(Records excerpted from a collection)
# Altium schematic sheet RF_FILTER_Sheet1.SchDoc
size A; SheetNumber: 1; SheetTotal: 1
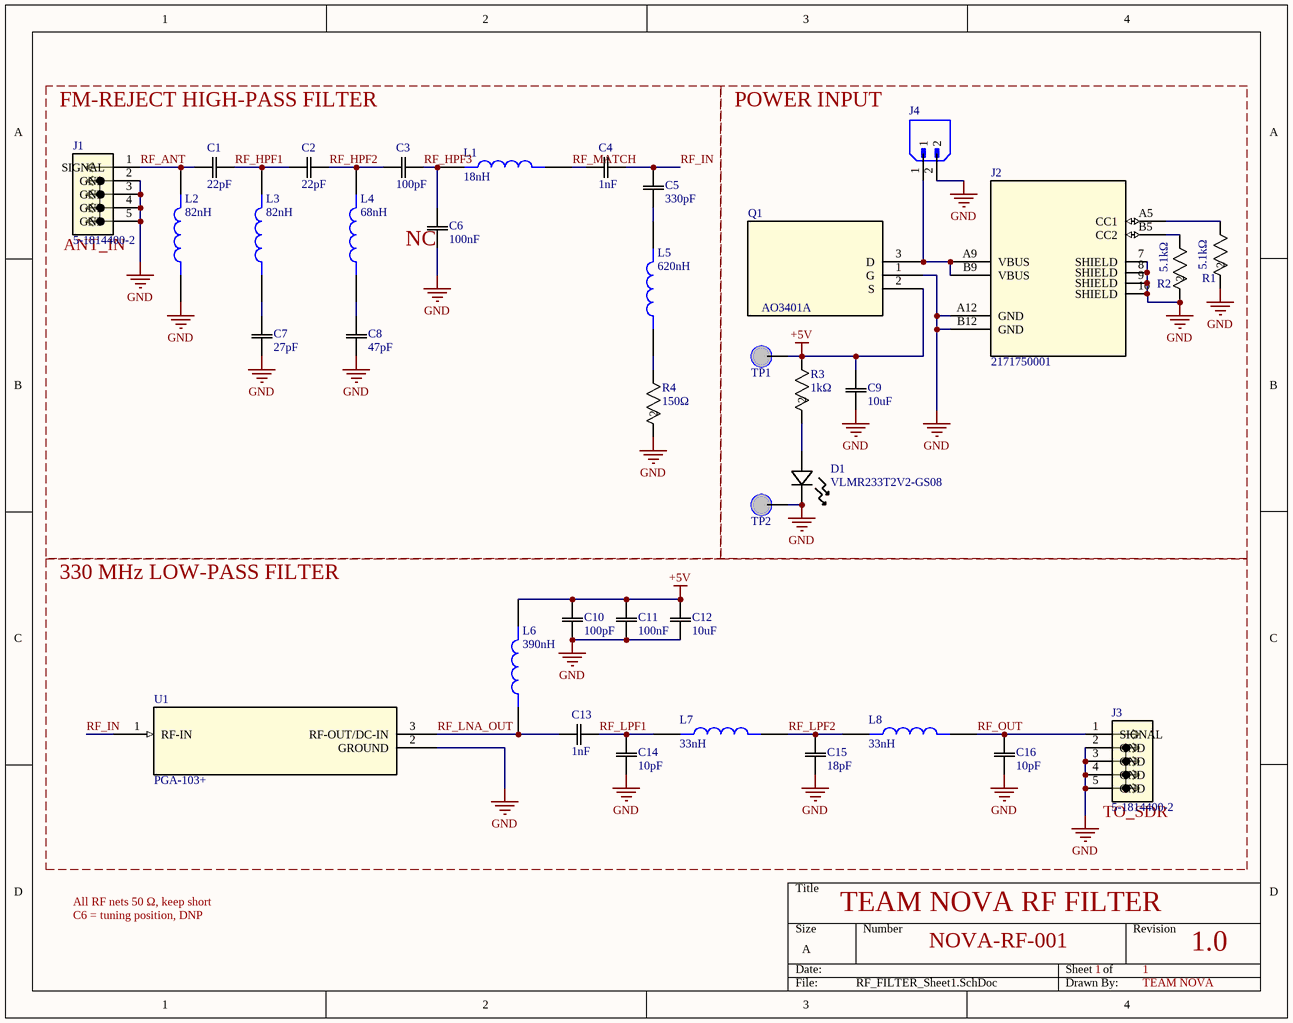
[diagram p0: RF_FILTER_Sheet1.SchDoc]

## Parts
C1  22pF  [CAPC220145_88N_KEM]
C2  22pF  [CAPC220145_88N_KEM]
C3  100pF  [CAPC220145_88N_KEM]
C4  1nF  [CAPC220145_88N_KEM]
C5  330pF  [CAPC220145_88N_KEM]
C6  100nF  [CAPC220145_88N_KEM]
C7  27pF  [CAPC220145_88N_KEM]
C8  47pF  [CAPC220145_88N_KEM]
C9  10uF  [CAPC220145_88N_KEM]
C10  100pF  [CAPC220145_88N_KEM]
C11  100nF  [CAPC220145_88N_KEM]
C12  10uF  [CAPC220145_88N_KEM]
C13  1nF  [CAPC220145_88N_KEM]
C14  10pF  [CAPC220145_88N_KEM]
C15  18pF  [CAPC220145_88N_KEM]
C16  10pF  [CAPC220145_88N_KEM]
D1  VLMR233T2V2-GS08  [LED_VISHAY_VLMX233_VIS]
J1  5-1814400-2  [COAX4GND_5-1814400-2_TEC]
J2  2171750001  [2171750001_MOL]
J3  5-1814400-2  [COAX4GND_5-1814400-2_TEC]
J4  B2B-XH-A(LF)(SN)  [JST_B2B-XH-A]  (value not drawn)
L1  18nH  [IND_AISC-0805-R082J-T]
L2  82nH  [IND_AISC-0805-R082J-T]
L3  82nH  [IND_AISC-0805-R082J-T]
L4  68nH  [IND_AISC-0805-R082J-T]
L5  620nH  [IND_AISC-0805-R082J-T]
L6  390nH  [IND_AISC-0805-R082J-T]
L7  33nH  [IND_AISC-0805-R082J-T]
L8  33nH  [IND_AISC-0805-R082J-T]
Q1  AO3401A  [SOT-23-3L_AOS]
R1  5.1kΩ  [RC0805N_YAG]
R2  5.1kΩ  [RC0805N_YAG]
R3  1kΩ  [RC0805N_YAG]
R4  150Ω  [RC0805N_YAG]
TP1  TestPoint  [TP_PTH_1.0]  (value not drawn)  (no BOM)
TP2  TestPoint  [TP_PTH_1.0]  (value not drawn)  (no BOM)
U1  PGA-103+  [DF782_MNC-M]

## Blocks framed on the sheet
POWER INPUT: C9 D1 J2 J4 Q1 R1-R3 TP1 TP2
330 MHz LOW-PASS FILTER: C10-C16 J3 L6-L8 U1

## Nets
+5V: C9.2 C10.2 C11.2 C12.2 L6.2 Q1.2(S) R3.1 TP1.1
GND: C6.1 C7.1 C8.1 C9.1 C10.1 C11.1 C12.1 C14.1 C15.1 C16.1 D1.1 J1.2(GND) J1.3(GND) J1.4(GND) J1.5(GND) J2.7(SHIELD) J2.8(SHIELD) J2.9(SHIELD) J2.10(SHIELD) J2.A12(GND) J2.B12(GND) J3.2(GND) J3.3(GND) J3.4(GND) J3.5(GND) J4.2 L2.1 Q1.1(G) R1.2 R2.2 R4.2 TP2.1 U1.2(GROUND)
RF_ANT: C1.1 J1.1(SIGNAL) L2.2
RF_HPF1: C1.2 C2.1 L3.2
RF_HPF2: C2.2 C3.1 L4.2
RF_HPF3: C3.2 C6.2 L1.1
RF_IN: C4.2 C5.2 U1.1(RF-IN)
RF_LNA_OUT: C13.1 L6.1 U1.3(RF-OUT/DC-IN)
RF_LPF1: C13.2 C14.2 L7.1
RF_LPF2: C15.2 L7.2 L8.1
RF_MATCH: C4.1 L1.2
RF_OUT: C16.2 J3.1(SIGNAL) L8.2
NetC5_1: C5.1 L5.2
NetC7_2: C7.2 L3.1
NetC8_2: C8.2 L4.1
NetD1_2: D1.2 R3.2
NetJ2_A5: J2.A5(CC1) R1.1
NetJ2_A9: J2.A9(VBUS) J2.B9(VBUS) J4.1 Q1.3(D)
NetJ2_B5: J2.B5(CC2) R2.1
NetL5_1: L5.1 R4.1

## Notes on the sheet
- FM-REJECT HIGH-PASS FILTER
- (near J1) ANT_IN
- (near C6) NC
- (near J3) TO_SDR
- All RF nets 50 Ω, keep short
- C6 = tuning position, DNP
- TEAM NOVA RF FILTER
- NOVA-RF-001
- 1
- 1.0
- TEAM NOVA

## Library data of the parts
C1 C2 = 0805CG220J500NT: CAP CER 22pF 50V C0G 0805; Manufacturer: FH (Guangdong Fenghua Advanced Tech); Manufacturer Part Number: 0805CG220J500NT; Value: 22pF; LCSC Part #: C24658
C3 C10 = 0805CG101J500NT: CAP CER 100pF 50V C0G 0805; Manufacturer: FH (Guangdong Fenghua Advanced Tech); Manufacturer Part Number: 0805CG101J500NT; Value: 100pF; LCSC Part #: C82028
C4 C13 = 0805CG102J500NT: CAP CER 1nF 50V C0G 0805; Manufacturer: FH (Guangdong Fenghua Advanced Tech); Manufacturer Part Number: 0805CG102J500NT; Value: 1nF; LCSC Part #: C29925
C5 = 0805CG331J500NT: CAP CER 330pF 50V C0G 0805; Manufacturer: FH (Guangdong Fenghua Advanced Tech); Manufacturer Part Number: 0805CG331J500NT; Value: 330pF; LCSC Part #: C1815
C6 C11 = 0805B104J500NT: CAP CER 100nF 50V X7R 0805; Manufacturer: FH (Guangdong Fenghua Advanced Tech); Manufacturer Part Number: 0805B104J500NT; Value: 100nF; LCSC Part #: C29926
C7 = 0805CG270J500NT: CAP CER 27pF 50V C0G 0805; Manufacturer: FH (Guangdong Fenghua Advanced Tech); Manufacturer Part Number: 0805CG270J500NT; Value: 27pF; LCSC Part #: C1808
C8 = 0805CG470J500NT: CAP CER 47pF 50V C0G 0805; Manufacturer: FH (Guangdong Fenghua Advanced Tech); Manufacturer Part Number: 0805CG470J500NT; Value: 47pF; LCSC Part #: C24659
C9 C12 = 0805X106K500NT: CAP CER 10uF 50V X5R 0805; Manufacturer: FH (Guangdong Fenghua Advanced Tech); Manufacturer Part Number: 0805X106K500NT; Value: 10uF; LCSC Part #: C6117579
C14 C16 = 0805CG100J500NT: CAP CER 10pF 50V C0G 0805; Manufacturer: FH (Guangdong Fenghua Advanced Tech); Manufacturer Part Number: 0805CG100J500NT; Value: 10pF; LCSC Part #: C157608
C15 = 0805CG180J500NT: CAP CER 18pF 50V C0G 0805; Manufacturer: FH (Guangdong Fenghua Advanced Tech); Manufacturer Part Number: 0805CG180J500NT; Value: 18pF; LCSC Part #: C1797
D1 = VLMR233T2V2-GS08: LED RED 0805 SMD; Manufacturer: Vishay; Value: Red LED; Manufacturer Part Number: VLMR233T2V2-GS08; LCSC Part #: C511093
J1 J3 = 5-1814400-2: CONN RCPT SMA TH; Manufacturer: TE Connectivity; Manufacturer Part Number: 5-1814400-2; LCSC Part #: C3174972; Value: SMA
J2 = 2171750001: TYPE C 6 PIN TOP MOUNT SMT; Manufacturer: Molex; Value: USB-C; Manufacturer Part Number: 2171750001; LCSC Part #: C3197922
J4 = B2B-XH-A(LF)(SN): CONN HEADER TH 2POS 2.5mm; Manufacturer: JST; Value: JST-XH 2P; Manufacturer Part Number: B2B-XH-A(LF)(SN); LCSC Part #: C158012
L1 = AHW2012C-18NJTF: FIXED IND 18nH 600mA 0.2Ω 0805; Manufacturer: APV; Manufacturer Part Number: AHW2012C-18NJTF; Value: 18nH; LCSC Part #: C6808029
L2 L3 = AHW2012C-82NJTF: FIXED IND 82nH 400mA 0.42Ω 0805; Manufacturer: APV; Manufacturer Part Number: AHW2012C-82NJTF; Value: 82nH; LCSC Part #: C6364713
L4 = AHW2012C-68NJTF: FIXED IND 68nH 500mA 0.38Ω 0805; Manufacturer: APV; Manufacturer Part Number: AHW2012C-68NJTF; Value: 68nH; LCSC Part #: C6808042
L5 = AHW2012C-R62JTF: FIXED IND 620nH 210mA 2.2Ω 0805; Manufacturer: APV; Manufacturer Part Number: AHW2012C-R62JTF; Value: 620nH; LCSC Part #: C19633939
L6 = AHW2012C-R39JTF: FIXED IND 0.39uH 290mA 1.5Ω 0805; Manufacturer: APV; Manufacturer Part Number: AHW2012C-R39JTF; Value: 390nH; LCSC Part #: C6808052
L7 L8 = AHW2012C-33NJTF: FIXED IND 33nH 500mA 0.27Ω 0805; Manufacturer: APV; Manufacturer Part Number: AHW2012C-33NJTF; Value: 33nH; LCSC Part #: C6808037
Q1 = AO3401A: MOSFET P-CH 30V 4A SOT-23; Manufacturer: Alpha & Omega Semiconductor; Manufacturer Part Number: AO3401A; LCSC Part #: C15127; Value: AO3401A
R1 R2 = RS-05K5101FT: RES 5.1kΩ ±1% 125mW 0805; Manufacturer: FH (Guangdong Fenghua Advanced Tech); Manufacturer Part Number: RS-05K5101FT; Value: 5.1kΩ; LCSC Part #: C118848
R3 = RS-05K102JT: RES 1kΩ ±5% 125mW 0805; Manufacturer: FH (Guangdong Fenghua Advanced Tech); Manufacturer Part Number: RS-05K102JT; Value: 1kΩ; LCSC Part #: C115302
R4 = RS-05K1500FT: RES 150Ω ±1% 125mW 0805; Manufacturer: FH (Guangdong Fenghua Advanced Tech); Manufacturer Part Number: RS-05K1500FT; Value: 150Ω; LCSC Part #: C304819
TP1 TP2 = TestPoint: Test point, 1.0 mm plated hole; LCSC Part #: N/A; Manufacturer Part Number: N/A; Manufacturer: N/A; Value: N/A
U1 = PGA-103+: RF Amplifier IC CATV, Cellular, DBS, MMDS, PCS, WLAN, Wireless LAN 50MHz ~ 4GHz SOT-89; Manufacturer: Mini-Circuits; Manufacturer Part Number: PGA-103+; LCSC Part #: C3008207; Value: PGA-103+

> [What is expected] In the data above, find each line that has the word "TestPoint" and copy it out.

> [Result]
TP1  TestPoint  [TP_PTH_1.0]  (value not drawn)  (no BOM)
TP2  TestPoint  [TP_PTH_1.0]  (value not drawn)  (no BOM)
TP1 TP2 = TestPoint: Test point, 1.0 mm plated hole; LCSC Part #: N/A; Manufacturer Part Number: N/A; Manufacturer: N/A; Value: N/A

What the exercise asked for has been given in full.